GIVEN DATA ::
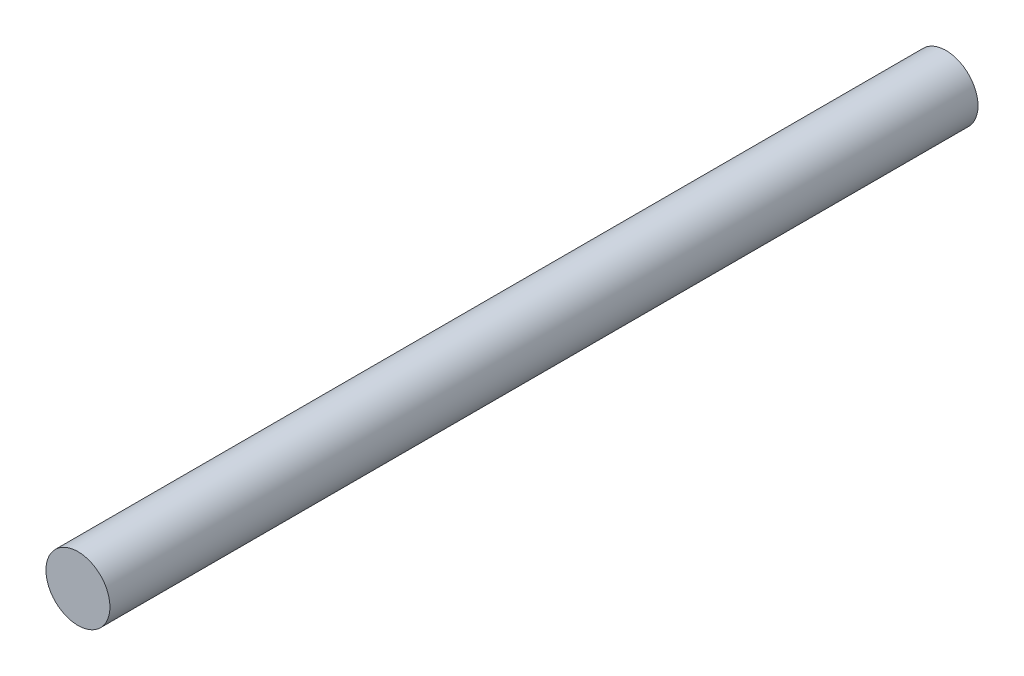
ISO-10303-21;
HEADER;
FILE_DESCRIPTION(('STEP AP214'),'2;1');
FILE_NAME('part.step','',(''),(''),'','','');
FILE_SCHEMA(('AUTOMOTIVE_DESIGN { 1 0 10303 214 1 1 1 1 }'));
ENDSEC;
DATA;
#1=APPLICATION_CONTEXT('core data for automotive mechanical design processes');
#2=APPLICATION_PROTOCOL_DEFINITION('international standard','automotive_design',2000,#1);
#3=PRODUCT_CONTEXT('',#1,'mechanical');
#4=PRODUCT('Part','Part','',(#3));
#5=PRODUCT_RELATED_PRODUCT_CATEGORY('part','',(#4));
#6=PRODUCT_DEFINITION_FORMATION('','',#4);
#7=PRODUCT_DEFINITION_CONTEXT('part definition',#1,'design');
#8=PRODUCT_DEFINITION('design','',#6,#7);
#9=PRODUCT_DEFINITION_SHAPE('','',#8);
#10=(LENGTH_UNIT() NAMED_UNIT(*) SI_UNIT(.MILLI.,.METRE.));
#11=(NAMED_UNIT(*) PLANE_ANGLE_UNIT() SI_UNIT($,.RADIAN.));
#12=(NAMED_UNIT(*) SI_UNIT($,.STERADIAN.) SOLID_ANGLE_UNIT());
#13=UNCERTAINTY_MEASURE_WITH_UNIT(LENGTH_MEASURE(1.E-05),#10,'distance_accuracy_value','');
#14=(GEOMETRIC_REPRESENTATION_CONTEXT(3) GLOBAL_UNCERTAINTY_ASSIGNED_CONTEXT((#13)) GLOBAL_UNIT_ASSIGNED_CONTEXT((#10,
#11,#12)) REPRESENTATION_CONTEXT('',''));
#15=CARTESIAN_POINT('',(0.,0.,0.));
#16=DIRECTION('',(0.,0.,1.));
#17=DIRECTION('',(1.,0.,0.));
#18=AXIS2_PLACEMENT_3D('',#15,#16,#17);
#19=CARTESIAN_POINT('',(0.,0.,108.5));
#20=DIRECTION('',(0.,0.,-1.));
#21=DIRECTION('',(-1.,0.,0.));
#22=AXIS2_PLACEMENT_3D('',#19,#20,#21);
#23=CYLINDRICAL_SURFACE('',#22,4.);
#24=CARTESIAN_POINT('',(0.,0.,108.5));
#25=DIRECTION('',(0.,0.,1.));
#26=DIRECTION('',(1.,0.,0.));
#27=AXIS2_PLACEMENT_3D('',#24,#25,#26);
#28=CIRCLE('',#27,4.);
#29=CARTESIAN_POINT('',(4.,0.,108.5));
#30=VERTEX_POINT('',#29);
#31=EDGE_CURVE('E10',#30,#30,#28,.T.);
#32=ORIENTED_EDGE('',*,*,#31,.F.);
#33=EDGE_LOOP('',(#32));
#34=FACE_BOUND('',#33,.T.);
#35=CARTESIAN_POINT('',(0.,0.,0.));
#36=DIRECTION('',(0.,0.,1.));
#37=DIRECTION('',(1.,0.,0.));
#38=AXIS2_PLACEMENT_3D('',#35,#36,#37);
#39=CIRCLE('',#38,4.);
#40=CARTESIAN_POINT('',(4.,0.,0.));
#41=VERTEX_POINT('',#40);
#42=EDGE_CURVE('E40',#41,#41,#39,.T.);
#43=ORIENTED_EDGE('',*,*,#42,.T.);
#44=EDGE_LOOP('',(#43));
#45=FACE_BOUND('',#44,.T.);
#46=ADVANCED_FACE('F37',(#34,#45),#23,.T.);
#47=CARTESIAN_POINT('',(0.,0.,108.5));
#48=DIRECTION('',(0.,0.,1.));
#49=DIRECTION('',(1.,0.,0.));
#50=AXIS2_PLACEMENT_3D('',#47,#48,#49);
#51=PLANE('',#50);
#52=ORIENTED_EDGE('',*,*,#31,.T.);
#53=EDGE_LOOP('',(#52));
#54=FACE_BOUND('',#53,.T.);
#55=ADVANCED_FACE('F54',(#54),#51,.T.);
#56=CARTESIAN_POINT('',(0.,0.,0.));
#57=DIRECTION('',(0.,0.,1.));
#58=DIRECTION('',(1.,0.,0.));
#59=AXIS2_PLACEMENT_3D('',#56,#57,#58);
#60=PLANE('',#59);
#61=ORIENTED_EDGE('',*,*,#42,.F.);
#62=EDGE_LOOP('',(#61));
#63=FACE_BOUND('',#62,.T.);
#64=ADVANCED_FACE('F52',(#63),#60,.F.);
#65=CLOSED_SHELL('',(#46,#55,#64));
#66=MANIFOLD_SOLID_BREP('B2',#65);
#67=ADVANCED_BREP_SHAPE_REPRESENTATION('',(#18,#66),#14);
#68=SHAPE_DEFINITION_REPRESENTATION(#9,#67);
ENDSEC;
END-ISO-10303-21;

TASK DETAILS ::
Transcribe the complete set of entries verbatim. No pictures belong in the copy.

ANSWER BOX ::
ISO-10303-21;
HEADER;
FILE_DESCRIPTION(('STEP AP214'),'2;1');
FILE_NAME('part.step','',(''),(''),'','','');
FILE_SCHEMA(('AUTOMOTIVE_DESIGN { 1 0 10303 214 1 1 1 1 }'));
ENDSEC;
DATA;
#1=APPLICATION_CONTEXT('core data for automotive mechanical design processes');
#2=APPLICATION_PROTOCOL_DEFINITION('international standard','automotive_design',2000,#1);
#3=PRODUCT_CONTEXT('',#1,'mechanical');
#4=PRODUCT('Part','Part','',(#3));
#5=PRODUCT_RELATED_PRODUCT_CATEGORY('part','',(#4));
#6=PRODUCT_DEFINITION_FORMATION('','',#4);
#7=PRODUCT_DEFINITION_CONTEXT('part definition',#1,'design');
#8=PRODUCT_DEFINITION('design','',#6,#7);
#9=PRODUCT_DEFINITION_SHAPE('','',#8);
#10=(LENGTH_UNIT() NAMED_UNIT(*) SI_UNIT(.MILLI.,.METRE.));
#11=(NAMED_UNIT(*) PLANE_ANGLE_UNIT() SI_UNIT($,.RADIAN.));
#12=(NAMED_UNIT(*) SI_UNIT($,.STERADIAN.) SOLID_ANGLE_UNIT());
#13=UNCERTAINTY_MEASURE_WITH_UNIT(LENGTH_MEASURE(1.E-05),#10,'distance_accuracy_value','');
#14=(GEOMETRIC_REPRESENTATION_CONTEXT(3) GLOBAL_UNCERTAINTY_ASSIGNED_CONTEXT((#13)) GLOBAL_UNIT_ASSIGNED_CONTEXT((#10,
#11,#12)) REPRESENTATION_CONTEXT('',''));
#15=CARTESIAN_POINT('',(0.,0.,0.));
#16=DIRECTION('',(0.,0.,1.));
#17=DIRECTION('',(1.,0.,0.));
#18=AXIS2_PLACEMENT_3D('',#15,#16,#17);
#19=CARTESIAN_POINT('',(0.,0.,108.5));
#20=DIRECTION('',(0.,0.,-1.));
#21=DIRECTION('',(-1.,0.,0.));
#22=AXIS2_PLACEMENT_3D('',#19,#20,#21);
#23=CYLINDRICAL_SURFACE('',#22,4.);
#24=CARTESIAN_POINT('',(0.,0.,108.5));
#25=DIRECTION('',(0.,0.,1.));
#26=DIRECTION('',(1.,0.,0.));
#27=AXIS2_PLACEMENT_3D('',#24,#25,#26);
#28=CIRCLE('',#27,4.);
#29=CARTESIAN_POINT('',(4.,0.,108.5));
#30=VERTEX_POINT('',#29);
#31=EDGE_CURVE('E10',#30,#30,#28,.T.);
#32=ORIENTED_EDGE('',*,*,#31,.F.);
#33=EDGE_LOOP('',(#32));
#34=FACE_BOUND('',#33,.T.);
#35=CARTESIAN_POINT('',(0.,0.,0.));
#36=DIRECTION('',(0.,0.,1.));
#37=DIRECTION('',(1.,0.,0.));
#38=AXIS2_PLACEMENT_3D('',#35,#36,#37);
#39=CIRCLE('',#38,4.);
#40=CARTESIAN_POINT('',(4.,0.,0.));
#41=VERTEX_POINT('',#40);
#42=EDGE_CURVE('E40',#41,#41,#39,.T.);
#43=ORIENTED_EDGE('',*,*,#42,.T.);
#44=EDGE_LOOP('',(#43));
#45=FACE_BOUND('',#44,.T.);
#46=ADVANCED_FACE('F37',(#34,#45),#23,.T.);
#47=CARTESIAN_POINT('',(0.,0.,108.5));
#48=DIRECTION('',(0.,0.,1.));
#49=DIRECTION('',(1.,0.,0.));
#50=AXIS2_PLACEMENT_3D('',#47,#48,#49);
#51=PLANE('',#50);
#52=ORIENTED_EDGE('',*,*,#31,.T.);
#53=EDGE_LOOP('',(#52));
#54=FACE_BOUND('',#53,.T.);
#55=ADVANCED_FACE('F54',(#54),#51,.T.);
#56=CARTESIAN_POINT('',(0.,0.,0.));
#57=DIRECTION('',(0.,0.,1.));
#58=DIRECTION('',(1.,0.,0.));
#59=AXIS2_PLACEMENT_3D('',#56,#57,#58);
#60=PLANE('',#59);
#61=ORIENTED_EDGE('',*,*,#42,.F.);
#62=EDGE_LOOP('',(#61));
#63=FACE_BOUND('',#62,.T.);
#64=ADVANCED_FACE('F52',(#63),#60,.F.);
#65=CLOSED_SHELL('',(#46,#55,#64));
#66=MANIFOLD_SOLID_BREP('B2',#65);
#67=ADVANCED_BREP_SHAPE_REPRESENTATION('',(#18,#66),#14);
#68=SHAPE_DEFINITION_REPRESENTATION(#9,#67);
ENDSEC;
END-ISO-10303-21;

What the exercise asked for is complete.